There are countless particular arguments that would show that we have just as much free choice in spiritual matters as in earthly matters.
If you wish, you could do an experiment on yourself. See if you are able to think about God, the Lord, the Holy Spirit, and the divine matters known as the spiritual concepts of the church seventy times a day or three hundred times a week. And if it is some pleasure or even some craving that brings you to do it (whether you happen to have faith or not), do you feel any compulsion in doing so? Whatever state you are in, consider whether you could think at all if you did not have free choice. Surely, free choice is of supreme importance in what you say, in prayers to God, in preaching, and in listening. In fact, since you take a breath after each instance of speaking your thoughts, if your free choice did not extend to specific things even down to the most minute details, would you be able to breathe any more than a statue can?

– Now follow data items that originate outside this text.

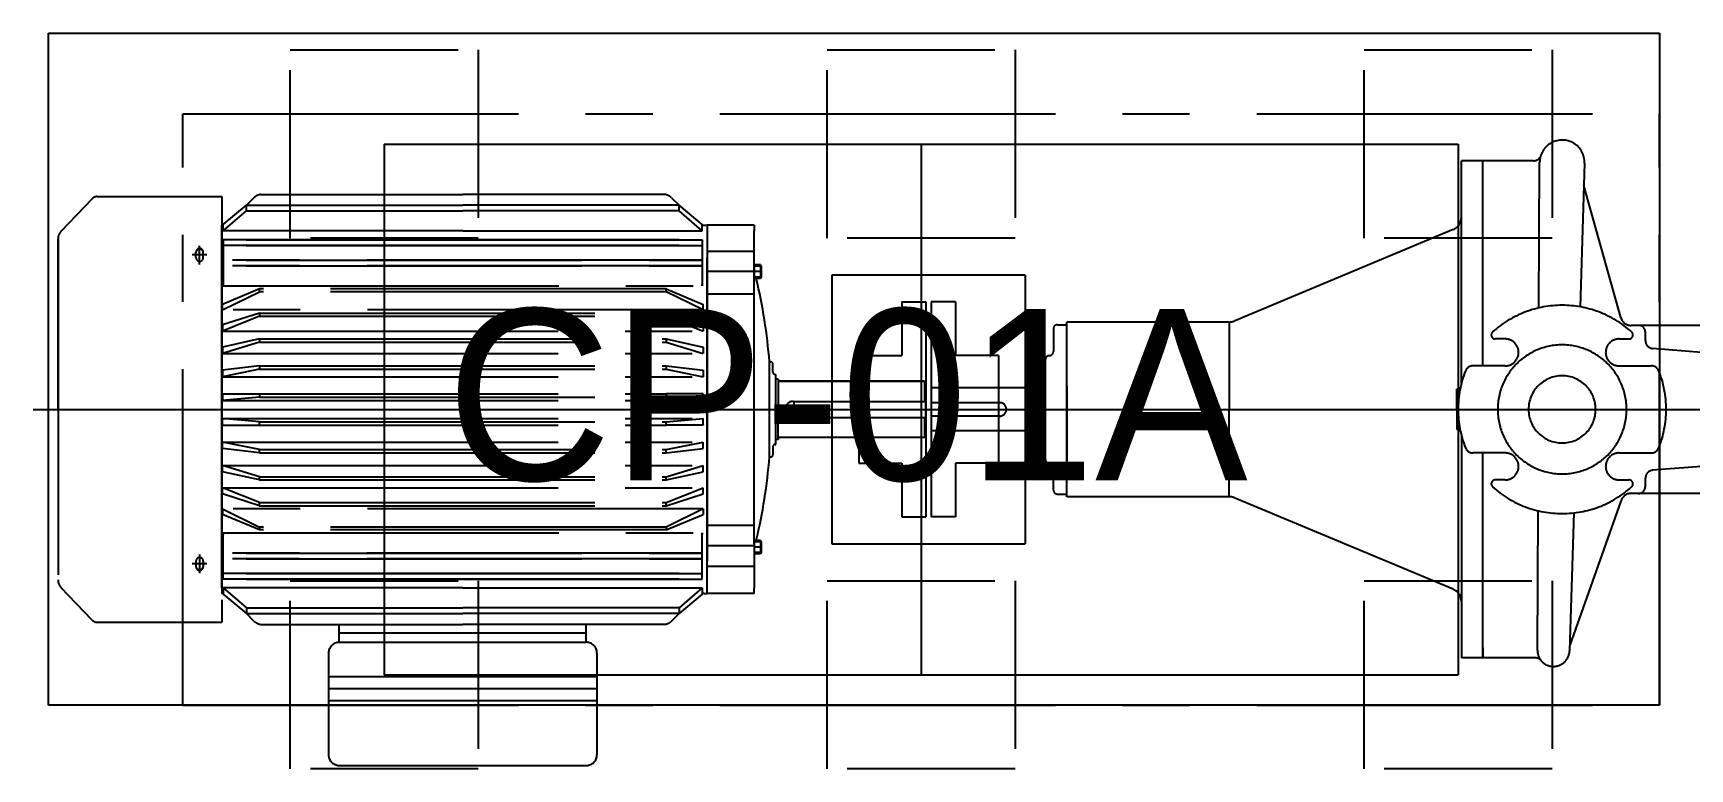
# Model space of a CAD drawing. Header units: millimetres. Extents: x 10462777 to 22643323, y 453826 to 1389191.
# Drawn here: x 11240220 to 11241454, y 622101 to 622649 of the extents above; entities that cross this region are included whole.
import ezdxf

# ---------------------------------------------------------------- set-up
doc = ezdxf.new("R2010")
doc.units = ezdxf.units.MM
doc.header["$LTSCALE"] = 200
doc.header["$MEASUREMENT"] = 0
doc.linetypes.add('CENTER', pattern=[2, 1.25, -0.25, 0.25, -0.25])
doc.layers.get('0').update_dxf_attribs({"linetype": 'CONTINUOUS'})
doc.layers.add('1', color=1, linetype='CENTER')
doc.styles.get("Standard").update_dxf_attribs({"font": 'SYMBOL'})

msp = doc.modelspace()

# ---------------------------------------------------------------- linework, layer by layer
at = {"color": 7}
for p, q in [((11240231.32522, 622648.70034), (11241431.32522, 622648.70034)), ((11240231.32522, 622148.70034), (11240231.32522, 622648.70034)), ((11241431.32522, 622648.70034), (11241431.32522, 622148.70034)), ((11241431.32522, 622148.70034), (11240231.32522, 622148.70034))]:
    msp.add_line(p, q, dxfattribs=at)
for p, q in [((11240481.32522, 622566.20034), (11241281.32522, 622566.20034)), ((11240481.32522, 622566.20034), (11240481.32522, 622171.20034)), ((11240881.32522, 622566.20034), (11240881.32522, 622171.20034)), ((11241281.32522, 622566.20034), (11241281.32522, 622171.20034)), ((11240219.78839, 622368.70034), (11241533.54587, 622368.70034)), ((11240318.74008, 622368.70034), (11241452.62831, 622368.70034)), ((11240481.32522, 622171.20034), (11241281.32522, 622171.20034))]:
    msp.add_line(p, q)
at = {"layer": '1', "ltscale": 0.5}
for p, q in [((11240411.32522, 622636.20034), (11240551.32522, 622636.20034)), ((11240411.32522, 622496.20034), (11240411.32522, 622636.20034)), ((11240551.32522, 622636.20034), (11240551.32522, 622496.20034)), ((11240811.32522, 622636.20034), (11240951.32522, 622636.20034)), ((11240811.32522, 622496.20034), (11240811.32522, 622636.20034)), ((11240951.32522, 622636.20034), (11240951.32522, 622496.20034)), ((11241211.32522, 622636.20034), (11241351.32522, 622636.20034)), ((11241211.32522, 622496.20034), (11241211.32522, 622636.20034)), ((11241351.32522, 622636.20034), (11241351.32522, 622496.20034)), ((11240551.32522, 622496.20034), (11240411.32522, 622496.20034)), ((11240951.32522, 622496.20034), (11240811.32522, 622496.20034)), ((11241351.32522, 622496.20034), (11241211.32522, 622496.20034)), ((11240411.32522, 622241.20034), (11240551.32522, 622241.20034)), ((11240411.32522, 622101.20034), (11240411.32522, 622241.20034)), ((11240551.32522, 622241.20034), (11240551.32522, 622101.20034)), ((11240811.32522, 622241.20034), (11240951.32522, 622241.20034)), ((11240811.32522, 622101.20034), (11240811.32522, 622241.20034)), ((11240951.32522, 622241.20034), (11240951.32522, 622101.20034)), ((11241211.32522, 622241.20034), (11241351.32522, 622241.20034)), ((11241211.32522, 622101.20034), (11241211.32522, 622241.20034)), ((11241351.32522, 622241.20034), (11241351.32522, 622101.20034)), ((11240551.32522, 622101.20034), (11240411.32522, 622101.20034)), ((11240951.32522, 622101.20034), (11240811.32522, 622101.20034)), ((11241351.32522, 622101.20034), (11241211.32522, 622101.20034))]:
    msp.add_line(p, q, dxfattribs=at)
at = {"layer": '1'}
for p, q in [((11240331.32522, 622588.70034), (11241431.32522, 622588.70034)), ((11240331.32522, 622148.70034), (11240331.32522, 622588.70034)), ((11241431.32522, 622148.70034), (11241431.32522, 622588.70034)), ((11240331.32522, 622148.70034), (11241431.32522, 622148.70034))]:
    msp.add_line(p, q, dxfattribs=at)
at = {"layer": '1', "color": 4}
for p, q in [((11241299.82522, 622553.70034), (11241283.82522, 622553.70034)), ((11241283.82522, 622538.70034), (11241283.82522, 622553.70034)), ((11241299.82522, 622546.20034), (11241299.82522, 622553.70034)), ((11241299.82522, 622401.12675), (11241299.82522, 622553.70034)), ((11241337.42102, 622553.70034), (11241299.82522, 622553.70034)), ((11241341.5739, 622444.2559), (11241342.07684, 622552.48929)), ((11241375.56664, 622551.92673), (11241372.27233, 622445.02482)), ((11241283.82522, 622388.22597), (11241283.82522, 622538.70034)), ((11240263.72942, 622525.50019), (11240240.53293, 622501.16496)), ((11240267.34862, 622527.05034), (11240360.32522, 622527.05034)), ((11240360.32522, 622527.05034), (11240360.32522, 622210.35034)), ((11240360.32522, 622527.05034), (11240360.32522, 622210.35034)), ((11240384.25175, 622526.2453), (11240378.63849, 622520.65705)), ((11240389.26147, 622528.70385), (11240539.82522, 622528.70385)), ((11240690.38898, 622528.70385), (11240539.82522, 622528.70385)), ((11240695.3987, 622526.2453), (11240701.01196, 622520.65705)), ((11241402.49846, 622437.04995), (11241375.05681, 622535.38251)), ((11240361.39395, 622506.20703), (11240378.63849, 622520.70984)), ((11240361.39395, 622501.56756), (11240378.63849, 622516.47127)), ((11240378.63849, 622520.70984), (11240539.85328, 622520.70984)), ((11240378.63849, 622516.47127), (11240378.63849, 622520.70984)), ((11240378.63849, 622516.47127), (11240539.85328, 622516.47127)), ((11240701.01196, 622520.70984), (11240539.79717, 622520.70984)), ((11240701.01196, 622516.47127), (11240539.79717, 622516.47127)), ((11240718.2565, 622506.20703), (11240701.01196, 622520.70984)), ((11240701.01196, 622516.47127), (11240701.01196, 622520.70984)), ((11240718.2565, 622501.56756), (11240701.01196, 622516.47127)), ((11240360.32522, 622505.70034), (11240360.32522, 622235.79612)), ((11240360.32522, 622505.70034), (11240360.32522, 622235.79612)), ((11240360.32522, 622235.79612), (11240360.32522, 622505.70034)), ((11240360.32522, 622375.70034), (11240360.32522, 622505.70034)), ((11240361.39395, 622501.56756), (11240361.39395, 622506.20703)), ((11240361.39395, 622501.56756), (11240361.39395, 622506.20703)), ((11240539.85328, 622501.56756), (11240361.39395, 622501.56756)), ((11240539.79717, 622501.56756), (11240718.2565, 622501.56756)), ((11240718.2565, 622501.56756), (11240718.2565, 622506.20703)), ((11240718.2565, 622501.56756), (11240718.2565, 622506.20703)), ((11240719.58691, 622505.70034), (11240721.82522, 622505.70034)), ((11240721.82522, 622505.70034), (11240721.82522, 622235.29612)), ((11240721.82522, 622231.70034), (11240721.82522, 622505.7003)), ((11240736.60048, 622505.7003), (11240721.82522, 622505.7003)), ((11240756.82522, 622505.7003), (11240736.60048, 622505.7003)), ((11240756.82522, 622505.7003), (11240756.82522, 622501.40034)), ((11240756.82522, 622495.50087), (11240756.82522, 622501.75667)), ((11241277.67834, 622502.56173), (11241114.61075, 622434.47248)), ((11240238.32365, 622495.64521), (11240238.32365, 622241.75548)), ((11240238.32365, 622369.32534), (11240238.32365, 622495.64521)), ((11240343.82522, 622476.6565), (11240343.82522, 622490.46074)), ((11240361.36589, 622494.98192), (11240361.36589, 622460.59409)), ((11240539.82522, 622494.98192), (11240361.36589, 622494.98192)), ((11240539.82522, 622494.98192), (11240361.36589, 622494.98192)), ((11240539.82522, 622490.74335), (11240361.36589, 622490.74335)), ((11240539.82522, 622490.74335), (11240361.36589, 622490.74335)), ((11240378.61043, 622494.98192), (11240539.82522, 622494.98192)), ((11240378.61043, 622494.98192), (11240539.82522, 622494.98192)), ((11240378.61043, 622490.74335), (11240539.82522, 622490.74335)), ((11240378.61043, 622490.74335), (11240539.82522, 622490.74335)), ((11240539.82522, 622494.98192), (11240718.28456, 622494.98192)), ((11240701.04002, 622494.98192), (11240539.82522, 622494.98192)), ((11240539.82522, 622490.74335), (11240718.28456, 622490.74335)), ((11240701.04002, 622490.74335), (11240539.82522, 622490.74335)), ((11240718.28456, 622494.98192), (11240718.28456, 622460.59409)), ((11240756.82522, 622468.70034), (11240756.82522, 622495.50087)), ((11240349.26961, 622483.70034), (11240338.38084, 622483.70034)), ((11240341.07522, 622481.70034), (11240341.07522, 622485.70034)), ((11240346.57522, 622481.70034), (11240346.57522, 622485.70034)), ((11240361.36589, 622485.74306), (11240361.36589, 622484.5594)), ((11240361.36589, 622485.74306), (11240361.36589, 622484.5594)), ((11240718.28456, 622479.82048), (11240361.36589, 622479.82048)), ((11240718.28456, 622475.58191), (11240361.36589, 622475.58191)), ((11240378.61043, 622479.82048), (11240718.28456, 622479.82048)), ((11240378.61043, 622475.58191), (11240718.28456, 622475.58191)), ((11240718.28456, 622485.74306), (11240718.28456, 622484.5594)), ((11240756.82522, 622486.23083), (11240721.80277, 622486.23083)), ((11240761.72336, 622476.23083), (11240756.82522, 622476.23083)), ((11240756.82522, 622476.23083), (11240756.82522, 622466.23083)), ((11240762.22336, 622475.23083), (11240761.72336, 622476.23083)), ((11240761.72336, 622476.23083), (11240761.72336, 622466.23083)), ((11240761.72336, 622471.23083), (11240721.80277, 622471.23083)), ((11240762.22336, 622475.23083), (11240756.82522, 622475.23083)), ((11240762.22336, 622471.23083), (11240756.82522, 622471.23083)), ((11240756.82522, 622268.70034), (11240756.82522, 622468.70034)), ((11240762.22336, 622467.23083), (11240756.82522, 622467.23083)), ((11240761.72336, 622466.23083), (11240756.82522, 622466.23083)), ((11240762.22336, 622467.23083), (11240761.72336, 622466.23083)), ((11240761.72336, 622467.23083), (11240762.22336, 622467.23083)), ((11240762.22336, 622475.23083), (11240762.22336, 622467.23083)), ((11240814.82522, 622468.70034), (11240814.82522, 622268.70034)), ((11240958.82522, 622468.70034), (11240814.82522, 622468.70034)), ((11240958.82522, 622468.70034), (11240958.82522, 622268.70034)), ((11240388.32522, 622458.37637), (11240360.82522, 622446.87947)), ((11240360.82522, 622442.72212), (11240388.32522, 622456.25923)), ((11240361.36589, 622460.59409), (11240361.36589, 622461.81206)), ((11240361.36589, 622460.6782), (11240718.28456, 622460.6782)), ((11240691.32522, 622458.37637), (11240388.32522, 622458.37637)), ((11240388.32522, 622456.25923), (11240388.32522, 622458.37637)), ((11240691.32522, 622456.25923), (11240388.32522, 622456.25923)), ((11240691.32522, 622458.37637), (11240718.82522, 622446.87947)), ((11240691.32522, 622456.25923), (11240691.32522, 622458.37637)), ((11240718.82522, 622442.72212), (11240691.32522, 622456.25923)), ((11240718.28456, 622460.59409), (11240718.28456, 622461.81206)), ((11240756.82522, 622454.56219), (11240721.79036, 622454.56219)), ((11240360.82522, 622442.72212), (11240360.82522, 622446.87947)), ((11240718.82522, 622442.72212), (11240360.82522, 622442.72212)), ((11240388.32522, 622440.39041), (11240360.82522, 622431.52599)), ((11240388.32522, 622440.39041), (11240691.32522, 622440.39041)), ((11240388.32522, 622440.39041), (11240388.32522, 622438.10674)), ((11240691.32522, 622440.39041), (11240718.82522, 622431.52599)), ((11240691.32522, 622440.39041), (11240691.32522, 622438.10674)), ((11240718.82522, 622442.72212), (11240718.82522, 622446.87947)), ((11240866.82522, 622448.70034), (11240884.82522, 622448.70034)), ((11240866.82522, 622448.70034), (11240866.82522, 622408.70034)), ((11240884.82522, 622448.70034), (11240884.82522, 622288.70034)), ((11240906.82522, 622448.70034), (11240888.82522, 622448.70034)), ((11240888.82522, 622448.70034), (11240888.82522, 622288.70034)), ((11240906.82522, 622448.70034), (11240906.82522, 622408.70034)), ((11240388.32522, 622438.10674), (11240360.82522, 622427.04162)), ((11240360.82522, 622431.52599), (11240360.82522, 622427.04162)), ((11240360.82522, 622427.04162), (11240718.82522, 622427.04162)), ((11240388.32522, 622438.10674), (11240691.32522, 622438.10674)), ((11240691.32522, 622438.10674), (11240718.82522, 622427.04162)), ((11240718.82522, 622431.52599), (11240718.82522, 622427.04162)), ((11240979.82522, 622428.70034), (11240979.82522, 622411.70034)), ((11240982.82522, 622431.70034), (11240989.82522, 622431.70034)), ((11240989.82522, 622351.10888), (11240989.82522, 622433.70034)), ((11241110.75764, 622433.70034), (11240989.82522, 622433.70034)), ((11240989.82522, 622303.70034), (11240989.82522, 622431.70034)), ((11241110.75764, 622433.70034), (11241110.62719, 622303.70034)), ((11241465.32522, 622431.20034), (11241410.20403, 622431.20034)), ((11241420.82522, 622419.97017), (11241420.82522, 622426.20034)), ((11240388.32522, 622421.17782), (11240360.82522, 622415.09754)), ((11240388.32522, 622418.76669), (11240360.82522, 622410.36289)), ((11240360.82522, 622415.09754), (11240360.82522, 622410.36289)), ((11240388.32522, 622421.17782), (11240691.32522, 622421.17782)), ((11240388.32522, 622421.17782), (11240388.32522, 622418.76669)), ((11240388.32522, 622418.76669), (11240691.32522, 622418.76669)), ((11240691.32522, 622421.17782), (11240718.82522, 622415.09754)), ((11240691.32522, 622421.17782), (11240691.32522, 622418.76669)), ((11240691.32522, 622418.76669), (11240718.82522, 622410.36289)), ((11240718.82522, 622415.09754), (11240718.82522, 622410.36289)), ((11241316.39882, 622421.12675), (11241309.04407, 622421.12675)), ((11241401.25163, 622421.12675), (11241408.60638, 622421.12675)), ((11241462.7282, 622411.09995), (11241426.2282, 622413.99995)), ((11240360.82522, 622410.36289), (11240718.82522, 622410.36289)), ((11240768.36046, 622333.36747), (11240768.36046, 622404.03318)), ((11240768.50686, 622404.03318), (11240768.36046, 622404.03318)), ((11240768.50686, 622404.03318), (11240769.30884, 622404.03318)), ((11240770.90884, 622396.39276), (11240770.90884, 622402.43318)), ((11240834.82522, 622408.70034), (11240866.82522, 622408.70034)), ((11240834.82522, 622408.70034), (11240834.82522, 622328.70034)), ((11240938.82522, 622408.70034), (11240906.82522, 622408.70034)), ((11240938.82522, 622408.70034), (11240938.82522, 622328.70034)), ((11240973.82522, 622405.70034), (11240973.82522, 622331.70034)), ((11240976.82522, 622408.70034), (11240976.82522, 622408.70034)), ((11240388.32522, 622401.06732), (11240360.82522, 622397.87523)), ((11240388.32522, 622398.56999), (11240360.82522, 622392.97131)), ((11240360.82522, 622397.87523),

I say “any more than a statue” rather than “any more than an animal,” because an animal breathes as a result of its earthly free choice. We breathe as a result of our free choice in earthly matters and also our free choice in spiritual matters. We are born different from animals. From birth, animals and all the ideas they have, which are associated with their earthly love, are focused on food and reproduction. We, however, have no innate ideas at birth; we have only a faculty for knowing, understanding, and becoming wise, and an inclination to love ourselves and the world and also to love our neighbor and God. This is why I said that if free choice were taken away in regard to the individual things we will and think, we would breathe no more than a statue does; I did not say we would breathe no more than an animal does.